Save for the refugee crisis in Greece, which would be in itself enough
to bring a national government to its knees, one has not heard very
much of late of that country's pack of Elephants in the room, aka the
Bailout Charade. Well, it's back again, in full force, in case anyone
forgets. And it doesn't look good at all.

Meanwhile, in the Aegean ...


-----------------------------
Original to:
http://www.theguardian.com/business/2016/may/01/europe-illusions-shatter-as-greek-tragedy-plays-on-austerity


Europe's liberal illusions shatter as Greek tragedy plays on
By Larry Elliott (Economics editor)

Voters across Europe have got the message from the way in which
Greece’s opposition to austerity was crushed


Greece is running out of money.
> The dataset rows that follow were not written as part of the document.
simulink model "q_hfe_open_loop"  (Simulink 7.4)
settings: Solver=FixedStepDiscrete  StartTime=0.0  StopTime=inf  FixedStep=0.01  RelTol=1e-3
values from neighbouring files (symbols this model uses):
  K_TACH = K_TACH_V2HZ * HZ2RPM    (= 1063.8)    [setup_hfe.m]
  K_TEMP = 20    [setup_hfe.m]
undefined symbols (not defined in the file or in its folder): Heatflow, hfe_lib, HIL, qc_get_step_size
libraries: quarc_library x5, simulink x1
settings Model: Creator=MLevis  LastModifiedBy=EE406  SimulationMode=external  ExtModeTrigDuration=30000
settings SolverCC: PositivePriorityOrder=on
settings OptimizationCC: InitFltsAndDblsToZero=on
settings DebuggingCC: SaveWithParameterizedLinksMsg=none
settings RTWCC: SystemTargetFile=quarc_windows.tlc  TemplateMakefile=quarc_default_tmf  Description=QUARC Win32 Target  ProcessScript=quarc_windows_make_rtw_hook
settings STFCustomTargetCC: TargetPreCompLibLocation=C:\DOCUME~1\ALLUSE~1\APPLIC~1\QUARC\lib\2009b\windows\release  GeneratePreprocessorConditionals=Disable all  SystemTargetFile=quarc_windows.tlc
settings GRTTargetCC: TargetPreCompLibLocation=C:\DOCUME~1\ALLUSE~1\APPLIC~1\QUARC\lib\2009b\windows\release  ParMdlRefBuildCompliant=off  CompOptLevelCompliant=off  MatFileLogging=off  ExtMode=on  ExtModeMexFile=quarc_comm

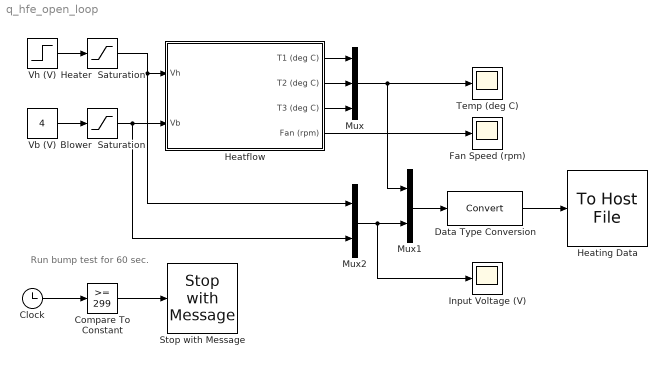
== system q_hfe_open_loop ==
  note: Run bump test for 60 sec.
  Blower  Saturation : Saturate  UpperLimit=6  LowerLimit=0
  Clock : Clock
      settings: Decimation=10
  Compare To Constant : simulink/Logic and Bit Operations/Compare To Constant  SystemSampleTime=-1  relop=>=  const=299  LogicOutDataTypeMode=uint8
  Data Type Conversion : DataTypeConversion
  Fan Speed (rpm) : Scope
      settings: TimeRange=300  YMin=1000  YMax=2000  SaveName=data_spd  DataFormat=Array  MaxDataPoints=6000
  Heater  Saturation : Saturate  UpperLimit=5  LowerLimit=0
  Heatflow : Subsystem  AncestorBlock=hfe_lib/Heatflow
  Heating Data : quarc_library/Sinks/To Host/To Host File  file_name=data_open_loop.mat  variable_name=data_hfe_ol  decimation=1  sample_time=qc_get_step_size  file_format=MAT-file v.4  options=No header or footer  append=off  final_file_name=data_open_loop.mat
      settings: AttributesFormatString=%<file_name>
  Input Voltage (V) : Scope
      settings: TimeRange=300  YMin=-1  YMax=6  SaveName=data_spd1  DataFormat=Array  MaxDataPoints=6000
  Mux : Mux  Inputs=3
  Mux1 : Mux  Inputs=2
  Mux2 : Mux  Inputs=2
  Stop with Message : quarc_library/Sinks/Error Handling/Stop with Message  SystemSampleTime=-1  message_type=Fixed error message  message_icon=Information  message=Bump test complete.
  Temp (deg C) : Scope
      settings: TimeRange=300  YMin=30  YMax=105  SaveName=data_temp  DataFormat=Array  MaxDataPoints=6000
  Vb (V) : Constant  Value=4
  Vh (V) : Step  Time=5  After=4  SampleTime=0
  wires:
  Vb (V)/1 -> Blower  Saturation/1
  Vh (V)/1 -> Heater  Saturation/1
  Heatflow/4(Fan (rpm)) -> Fan Speed (rpm)/1
  Heatflow/1(T1 (deg C)) -> Mux/1
  Heatflow/2(T2 (deg C)) -> Mux/2
  Heatflow/3(T3 (deg C)) -> Mux/3
  Mux/1 -> Temp (deg C)/1, Mux1/1
  Mux1/1 -> Data Type Conversion/1
  Data Type Conversion/1 -> Heating Data/1
  Mux2/1 -> Mux1/2, Input Voltage (V)/1
  Heater  Saturation/1 -> Heatflow/1(Vh), Mux2/1
  Blower  Saturation/1 -> Heatflow/2(Vb), Mux2/2
  Clock/1 -> Compare To Constant/1
  Compare To Constant/1 -> Stop with Message/1

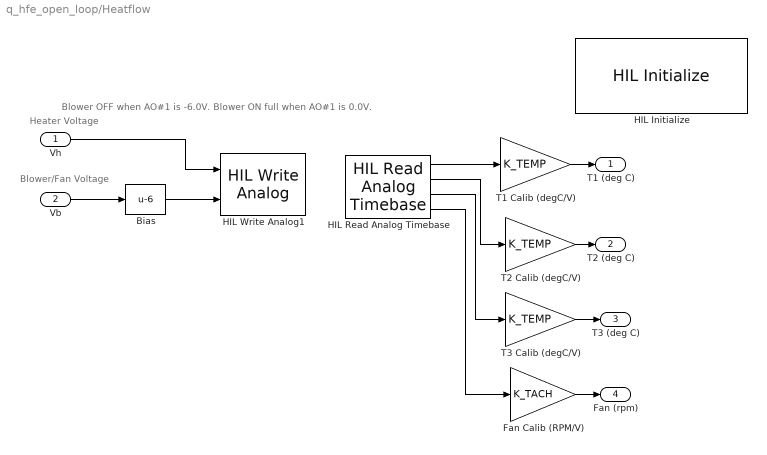
== system q_hfe_open_loop/Heatflow ==
  note: Heater Voltage
  note: Blower/Fan Voltage
  note: Blower OFF when AO#1 is -6.0V.
      | Blower ON full when AO#1 is 0.0V.
  Vh : Inport
  Vb : Inport  Port=2
  Bias : Bias  Bias=-6
  Fan Calib (RPM/V) : Gain  Gain=K_TACH
  HIL Initialize : quarc_library/Data Acquisition/Generic/Configuration/HIL Initialize  object_name=HIL-1  board_type=q8_usb  board_number=0  board_options=update_rate=normal  exclusive=off  active=on  hardware_clocks=[0:2]  clock_modes=[]  set_clock_params_at_start=off  set_clock_params_at_switch_in=off  analog_input_channels=[0:7]  analog_input_maximums=10  analog_input_minimums=-10  set_analog_input_params_at_start=on  set_analog_input_params_at_switch_in=off  analog_output_channels=[0:7]  analog_output_maximums=10  analog_output_minimums=-10  initial_analog_outputs=[0]  final_analog_outputs=[0]  watchdog_analog_outputs=0  set_analog_output_params_at_start=on  set_analog_output_params_at_switch_in=off  set_analog_outputs_at_start=on  set_analog_outputs_at_switch_in=off  set_analog_outputs_at_terminate=on  set_analog_outputs_at_switch_out=off  set_analog_outputs_on_watchdog=off  digital_input_channels=[]  digital_output_channels=[]  digital_output_configuration=[]  initial_digital_outputs=[1]  final_digital_outputs=[1]  watchdog_digital_outputs=[1]  set_digital_output_params_at_start=off  set_digital_output_params_at_switch_in=off  set_digital_outputs_at_start=on  set_digital_outputs_at_switch_in=off  set_digital_outputs_at_terminate=on  set_digital_outputs_at_switch_out=off  set_digital_outputs_on_watchdog=off  encoder_channels=[0:7]  quadrature=[4]  encoder_filter_frequency=[]  initial_encoder_counts=[0]  set_encoder_params_at_start=on  set_encoder_params_at_switch_in=off  set_encoder_counts_at_start=on  set_encoder_counts_at_switch_in=off  pwm_channels=[0:7]  pwm_modes=0  pwm_frequency=99.532799999999995e6/4095  pwm_configuration=[0]  pwm_alignment=[0]  pwm_polarity=[1]  pwm_leading_deadband=[0]  pwm_trailing_deadband=[0]  initial_pwm_outputs=[0]  final_pwm_outputs=[0]  watchdog_pwm_outputs=[0]  set_pwm_params_at_start=on  set_pwm_params_at_switch_in=off  set_pwm_outputs_at_start=on  set_pwm_outputs_at_switch_in=off  set_pwm_outputs_at_terminate=on  set_pwm_outputs_at_switch_out=off  set_pwm_outputs_on_watchdog=off  other_output_channels=[]  initial_other_outputs=[]  final_other_outputs=[]  watchdog_other_outputs=[]  set_other_outputs_at_start=off  set_other_outputs_at_switch_in=off  set_other_outputs_at_terminate=off  set_other_outputs_at_switch_out=off  set_other_outputs_on_watchdog=off
  HIL Read Analog Timebase : quarc_library/Data Acquisition/Generic/Timebases/HIL Read Analog Timebase  object_name=HIL-1  clock=0  channels=[0:3]  samples_in_buffer=max(ceil(1/qc_get_step_size), 1)  active=on  vector_output=off
      settings: AttributesFormatString=(%<object_name>)
  HIL Write Analog1 : quarc_library/Data Acquisition/Generic/Immediate I//O/HIL Write Analog  object_name=HIL-1  channels=[0,1]  sample_time=-1  active=off  vector_input=off
  T1 Calib (degC/V) : Gain  Gain=K_TEMP
  T2 Calib (degC/V) : Gain  Gain=K_TEMP
  T3 Calib (degC/V) : Gain  Gain=K_TEMP
  T1 (deg C) : Outport
  T2 (deg C) : Outport  Port=2
  T3 (deg C) : Outport  Port=3
  Fan (rpm) : Outport  Port=4
  wires:
  T3 Calib (degC/V)/1 -> T3 (deg C)/1
  T2 Calib (degC/V)/1 -> T2 (deg C)/1
  Vh/1 -> HIL Write Analog1/1
  HIL Read Analog Timebase/4 -> Fan Calib (RPM/V)/1
  Vb/1 -> Bias/1
  HIL Read Analog Timebase/3 -> T3 Calib (degC/V)/1
  HIL Read Analog Timebase/2 -> T2 Calib (degC/V)/1
  HIL Read Analog Timebase/1 -> T1 Calib (degC/V)/1
  T1 Calib (degC/V)/1 -> T1 (deg C)/1
  Fan Calib (RPM/V)/1 -> Fan (rpm)/1
  Bias/1 -> HIL Write Analog1/2

The government in Athens is raiding
the budgets of the health service and public utilities to pay salaries
and pensions. Without fresh financial support it will struggle to make
a debt payment due in July.

No, this is not a piece from the summer of 2015 reprinted by mistake.
Greece, after a spell out of the limelight, is back. Another summer of
threats, brinkmanship and all-night summits looms.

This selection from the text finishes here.